Dieu envoya Samuel pour guider les tentatives de Saül contre les Amalécites en représailles de ce qu’ils avaient fait à Israël pendant la fuite d’Égypte. Comme l’Éternel l’avait promis longtemps auparavant, Amalek allait finalement payer le prix fort pour le traitement impitoyable infligé à Israël. Avec 210.000 hommes, Saül se tint à l’affût à l’est de l’Égypte et captura Agag, leur roi, mais décida de conserver les bœufs, les brebis et les objets de valeur.
Là encore, cette décision allait à l’encontre des instructions divines et il fallait le rappeler à Saül. Dieu transmit son message par l’intermédiaire de Samuel, à qui il dit : « Je me repens d’avoir établi Saül pour roi, car il se détourne de moi et il n’observe point mes paroles » (15 : 11).
« La suite de ce livre s’attache à montrer comment s’est traduit le rejet de Saül par Dieu, et comment l’Éternel a mis en avant et formé le fils d’Isaï pour le royaume. »

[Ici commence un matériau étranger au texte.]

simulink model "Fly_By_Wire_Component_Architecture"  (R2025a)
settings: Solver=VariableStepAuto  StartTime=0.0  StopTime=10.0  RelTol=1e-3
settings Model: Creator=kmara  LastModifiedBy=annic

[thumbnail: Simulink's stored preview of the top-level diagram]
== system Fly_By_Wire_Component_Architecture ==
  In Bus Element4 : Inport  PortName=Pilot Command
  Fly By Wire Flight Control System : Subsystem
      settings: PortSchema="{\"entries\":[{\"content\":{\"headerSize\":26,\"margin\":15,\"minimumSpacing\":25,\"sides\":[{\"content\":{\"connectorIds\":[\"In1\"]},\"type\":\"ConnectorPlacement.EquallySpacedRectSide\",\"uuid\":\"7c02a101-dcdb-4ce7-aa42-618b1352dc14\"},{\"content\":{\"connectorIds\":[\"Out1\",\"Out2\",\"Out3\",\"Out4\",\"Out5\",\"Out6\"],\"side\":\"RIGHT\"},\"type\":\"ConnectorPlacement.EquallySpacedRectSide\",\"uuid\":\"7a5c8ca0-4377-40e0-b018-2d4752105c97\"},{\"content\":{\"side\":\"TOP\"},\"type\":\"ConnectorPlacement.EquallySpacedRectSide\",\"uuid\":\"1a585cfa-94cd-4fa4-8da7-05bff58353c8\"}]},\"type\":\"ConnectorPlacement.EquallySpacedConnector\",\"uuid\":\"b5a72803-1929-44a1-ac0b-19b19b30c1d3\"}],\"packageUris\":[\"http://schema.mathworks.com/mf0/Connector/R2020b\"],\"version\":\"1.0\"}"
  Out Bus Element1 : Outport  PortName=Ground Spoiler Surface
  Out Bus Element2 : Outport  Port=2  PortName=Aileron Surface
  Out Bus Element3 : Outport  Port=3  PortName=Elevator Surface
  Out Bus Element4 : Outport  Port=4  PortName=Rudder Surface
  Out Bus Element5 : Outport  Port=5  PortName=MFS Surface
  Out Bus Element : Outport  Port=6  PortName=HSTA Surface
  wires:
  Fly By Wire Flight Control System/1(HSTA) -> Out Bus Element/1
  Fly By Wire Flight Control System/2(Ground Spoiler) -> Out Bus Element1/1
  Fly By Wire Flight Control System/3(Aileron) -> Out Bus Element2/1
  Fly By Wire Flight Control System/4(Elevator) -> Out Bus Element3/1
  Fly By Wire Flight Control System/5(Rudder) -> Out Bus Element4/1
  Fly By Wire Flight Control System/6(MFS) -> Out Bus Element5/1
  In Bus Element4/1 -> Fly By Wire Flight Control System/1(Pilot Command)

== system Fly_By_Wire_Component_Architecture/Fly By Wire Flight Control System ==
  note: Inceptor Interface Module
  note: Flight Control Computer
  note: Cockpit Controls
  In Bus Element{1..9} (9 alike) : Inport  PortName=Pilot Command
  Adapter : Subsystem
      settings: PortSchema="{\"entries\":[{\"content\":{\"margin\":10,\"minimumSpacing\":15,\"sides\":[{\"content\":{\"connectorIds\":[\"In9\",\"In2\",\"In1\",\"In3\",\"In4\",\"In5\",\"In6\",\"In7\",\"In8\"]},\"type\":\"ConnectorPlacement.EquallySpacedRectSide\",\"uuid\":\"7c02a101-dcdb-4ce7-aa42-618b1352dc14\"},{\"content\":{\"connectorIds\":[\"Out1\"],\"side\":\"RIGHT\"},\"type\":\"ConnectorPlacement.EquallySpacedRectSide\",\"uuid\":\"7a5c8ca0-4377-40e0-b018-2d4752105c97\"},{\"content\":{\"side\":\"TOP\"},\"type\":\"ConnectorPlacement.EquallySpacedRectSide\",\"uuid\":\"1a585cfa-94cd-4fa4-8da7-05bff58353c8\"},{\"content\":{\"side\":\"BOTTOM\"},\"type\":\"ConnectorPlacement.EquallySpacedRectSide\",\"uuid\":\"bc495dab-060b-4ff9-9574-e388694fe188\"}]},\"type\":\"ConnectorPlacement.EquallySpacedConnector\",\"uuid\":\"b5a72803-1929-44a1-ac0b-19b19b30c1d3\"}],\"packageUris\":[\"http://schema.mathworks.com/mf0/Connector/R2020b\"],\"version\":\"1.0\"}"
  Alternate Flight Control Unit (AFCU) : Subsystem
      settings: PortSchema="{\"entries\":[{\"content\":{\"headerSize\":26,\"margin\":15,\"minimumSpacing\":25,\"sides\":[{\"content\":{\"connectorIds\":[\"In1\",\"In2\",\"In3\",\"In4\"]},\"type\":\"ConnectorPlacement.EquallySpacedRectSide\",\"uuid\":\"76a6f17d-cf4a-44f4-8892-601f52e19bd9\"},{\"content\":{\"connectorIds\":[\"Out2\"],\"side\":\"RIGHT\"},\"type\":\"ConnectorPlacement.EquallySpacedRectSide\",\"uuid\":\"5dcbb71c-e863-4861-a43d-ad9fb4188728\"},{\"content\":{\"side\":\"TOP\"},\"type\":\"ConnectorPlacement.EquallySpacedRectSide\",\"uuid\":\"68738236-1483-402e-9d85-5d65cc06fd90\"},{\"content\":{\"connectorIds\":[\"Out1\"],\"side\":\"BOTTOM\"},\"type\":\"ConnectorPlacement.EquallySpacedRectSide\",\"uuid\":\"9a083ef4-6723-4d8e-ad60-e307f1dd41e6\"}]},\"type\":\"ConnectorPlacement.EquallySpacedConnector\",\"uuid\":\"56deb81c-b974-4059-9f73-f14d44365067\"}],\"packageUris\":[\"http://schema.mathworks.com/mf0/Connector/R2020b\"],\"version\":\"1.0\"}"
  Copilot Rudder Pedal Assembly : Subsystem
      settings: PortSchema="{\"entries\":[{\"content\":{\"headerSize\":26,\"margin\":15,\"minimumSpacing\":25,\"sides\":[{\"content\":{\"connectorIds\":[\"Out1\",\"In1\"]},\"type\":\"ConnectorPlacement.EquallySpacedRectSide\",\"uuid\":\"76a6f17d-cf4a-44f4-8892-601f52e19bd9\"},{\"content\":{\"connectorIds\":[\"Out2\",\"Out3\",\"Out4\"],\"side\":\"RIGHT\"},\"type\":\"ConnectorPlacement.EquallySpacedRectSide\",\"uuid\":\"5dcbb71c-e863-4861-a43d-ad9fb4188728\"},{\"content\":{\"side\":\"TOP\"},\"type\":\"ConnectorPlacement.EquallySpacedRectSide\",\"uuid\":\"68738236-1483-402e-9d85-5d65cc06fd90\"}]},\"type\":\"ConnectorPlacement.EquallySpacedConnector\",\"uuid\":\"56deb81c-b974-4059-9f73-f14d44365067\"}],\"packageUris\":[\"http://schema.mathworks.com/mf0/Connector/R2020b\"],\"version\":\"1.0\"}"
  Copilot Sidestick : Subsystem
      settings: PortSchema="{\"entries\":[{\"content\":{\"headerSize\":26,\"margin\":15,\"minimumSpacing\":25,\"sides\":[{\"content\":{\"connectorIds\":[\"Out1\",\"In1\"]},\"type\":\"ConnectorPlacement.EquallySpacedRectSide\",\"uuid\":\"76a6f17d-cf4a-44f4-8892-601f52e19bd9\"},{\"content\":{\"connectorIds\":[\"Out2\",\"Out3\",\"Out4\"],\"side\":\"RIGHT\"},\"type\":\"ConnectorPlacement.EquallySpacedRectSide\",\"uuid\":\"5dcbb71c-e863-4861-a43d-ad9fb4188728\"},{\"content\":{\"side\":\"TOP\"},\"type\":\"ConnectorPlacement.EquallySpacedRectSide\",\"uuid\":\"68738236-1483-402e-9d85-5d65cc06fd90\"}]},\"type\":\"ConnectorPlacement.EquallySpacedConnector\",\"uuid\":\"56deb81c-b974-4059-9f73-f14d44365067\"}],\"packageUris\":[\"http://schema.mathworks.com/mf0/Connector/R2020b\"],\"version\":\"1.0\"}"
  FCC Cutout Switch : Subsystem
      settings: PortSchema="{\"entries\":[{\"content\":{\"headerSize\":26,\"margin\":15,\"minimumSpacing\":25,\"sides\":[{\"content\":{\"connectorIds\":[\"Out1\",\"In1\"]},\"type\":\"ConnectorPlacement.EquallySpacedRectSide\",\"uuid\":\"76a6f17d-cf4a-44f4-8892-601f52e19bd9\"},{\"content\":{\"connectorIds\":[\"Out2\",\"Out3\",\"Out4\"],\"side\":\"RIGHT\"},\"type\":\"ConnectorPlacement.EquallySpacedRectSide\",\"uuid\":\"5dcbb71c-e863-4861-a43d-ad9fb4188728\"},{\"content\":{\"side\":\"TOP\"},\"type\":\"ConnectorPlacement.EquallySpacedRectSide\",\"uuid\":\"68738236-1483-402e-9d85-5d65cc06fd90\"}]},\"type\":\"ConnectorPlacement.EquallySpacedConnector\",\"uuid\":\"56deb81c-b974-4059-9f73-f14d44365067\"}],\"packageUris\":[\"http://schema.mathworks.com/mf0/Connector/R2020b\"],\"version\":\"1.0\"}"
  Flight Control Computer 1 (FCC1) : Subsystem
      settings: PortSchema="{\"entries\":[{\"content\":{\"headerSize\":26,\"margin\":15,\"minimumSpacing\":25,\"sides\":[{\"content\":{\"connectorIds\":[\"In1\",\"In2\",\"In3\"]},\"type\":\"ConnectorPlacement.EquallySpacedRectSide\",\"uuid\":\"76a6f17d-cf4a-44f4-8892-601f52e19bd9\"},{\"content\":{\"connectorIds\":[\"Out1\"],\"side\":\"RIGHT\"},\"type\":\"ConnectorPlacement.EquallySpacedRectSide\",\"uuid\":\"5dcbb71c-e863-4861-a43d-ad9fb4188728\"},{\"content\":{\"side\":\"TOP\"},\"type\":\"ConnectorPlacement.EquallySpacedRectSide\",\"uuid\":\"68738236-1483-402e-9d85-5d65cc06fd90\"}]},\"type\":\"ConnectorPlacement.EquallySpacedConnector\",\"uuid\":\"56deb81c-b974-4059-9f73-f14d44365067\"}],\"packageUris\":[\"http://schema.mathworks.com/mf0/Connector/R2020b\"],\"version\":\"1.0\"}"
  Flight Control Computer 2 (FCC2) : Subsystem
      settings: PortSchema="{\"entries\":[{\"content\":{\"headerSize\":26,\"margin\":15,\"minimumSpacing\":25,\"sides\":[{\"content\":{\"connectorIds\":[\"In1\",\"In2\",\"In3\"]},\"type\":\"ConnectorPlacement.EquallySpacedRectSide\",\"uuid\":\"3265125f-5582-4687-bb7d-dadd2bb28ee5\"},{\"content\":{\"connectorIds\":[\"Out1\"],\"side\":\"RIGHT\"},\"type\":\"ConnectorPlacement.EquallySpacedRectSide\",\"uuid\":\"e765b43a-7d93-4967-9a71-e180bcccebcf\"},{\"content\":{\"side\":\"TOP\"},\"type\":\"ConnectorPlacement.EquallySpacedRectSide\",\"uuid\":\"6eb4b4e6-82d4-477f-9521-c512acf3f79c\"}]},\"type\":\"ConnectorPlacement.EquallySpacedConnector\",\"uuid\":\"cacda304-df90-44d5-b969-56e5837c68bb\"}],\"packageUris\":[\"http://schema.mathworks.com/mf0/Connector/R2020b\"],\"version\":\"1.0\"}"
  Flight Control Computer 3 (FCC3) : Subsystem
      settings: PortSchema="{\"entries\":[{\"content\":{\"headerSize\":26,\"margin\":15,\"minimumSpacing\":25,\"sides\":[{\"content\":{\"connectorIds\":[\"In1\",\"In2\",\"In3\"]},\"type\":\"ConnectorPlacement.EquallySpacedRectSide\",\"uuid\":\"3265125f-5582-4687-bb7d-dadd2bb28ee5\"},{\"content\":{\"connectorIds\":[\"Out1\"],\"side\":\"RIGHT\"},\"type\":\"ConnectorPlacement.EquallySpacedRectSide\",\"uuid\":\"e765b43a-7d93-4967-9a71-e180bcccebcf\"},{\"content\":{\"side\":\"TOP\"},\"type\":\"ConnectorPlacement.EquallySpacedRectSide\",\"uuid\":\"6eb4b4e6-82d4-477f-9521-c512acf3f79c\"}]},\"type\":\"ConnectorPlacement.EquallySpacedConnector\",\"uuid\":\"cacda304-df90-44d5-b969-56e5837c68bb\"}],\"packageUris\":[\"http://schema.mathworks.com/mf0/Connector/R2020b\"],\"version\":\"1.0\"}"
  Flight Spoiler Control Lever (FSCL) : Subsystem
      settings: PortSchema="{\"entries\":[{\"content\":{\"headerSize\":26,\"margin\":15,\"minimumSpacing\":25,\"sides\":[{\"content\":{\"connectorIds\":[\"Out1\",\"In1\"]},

Samuel en fut extrêmement contrarié et, le lendemain matin, il se rendit auprès de Saül. Celui-ci l’accueillit avec déférence, mais non sans duplicité : « J’ai observé la parole de l’Éternel » (verset 13). Le prophète demanda au roi pourquoi il entendait les cris des brebis et des bœufs capturés. Saül tenta d’accuser le peuple d’avoir amené les animaux pour un sacrifice. Samuel ne toléra pas son attitude et lui répéta ce que Dieu avait dit la nuit précédente à propos de son défaut d’obéissance. Saül continua néanmoins à rejeter la responsabilité sur les autres : « mais le peuple a pris sur le butin des brebis et des bœufs, comme prémices de ce qui devait être dévoué, afin de les sacrifier à l’Éternel, ton Dieu, à Guilgal » (verset 21).
Samuel répondit en expliquant que, pour Dieu, l’obéissance importait bien plus que les sacrifices. Mais au-delà de cela, il s’agissait pour lui de dire clairement que la rébellion de Saül contre les commandements de Dieu était aussi grave que le péché de sorcellerie, et que son obstination équivalait au mal et à l’idolâtrie. En conséquence, Dieu rejeta Saül en tant que roi (versets 22‑23). Malgré les supplications du souverain désavoué, le prophète le rejeta également et exécuta Agag, le roi amalécite que Saül avait épargné.
Samuel pleura Saül, mais ne le revit jamais. Dieu regretta d’avoir fait de Saül le roi et demanda à son prophète d’oindre un successeur. Ce devait être l’un des fils d’Isaï le Bethléhémite (16 : 1).
La prochaine fois, nous poursuivrons avec l’histoire du roi le plus célèbre d’Israël : David.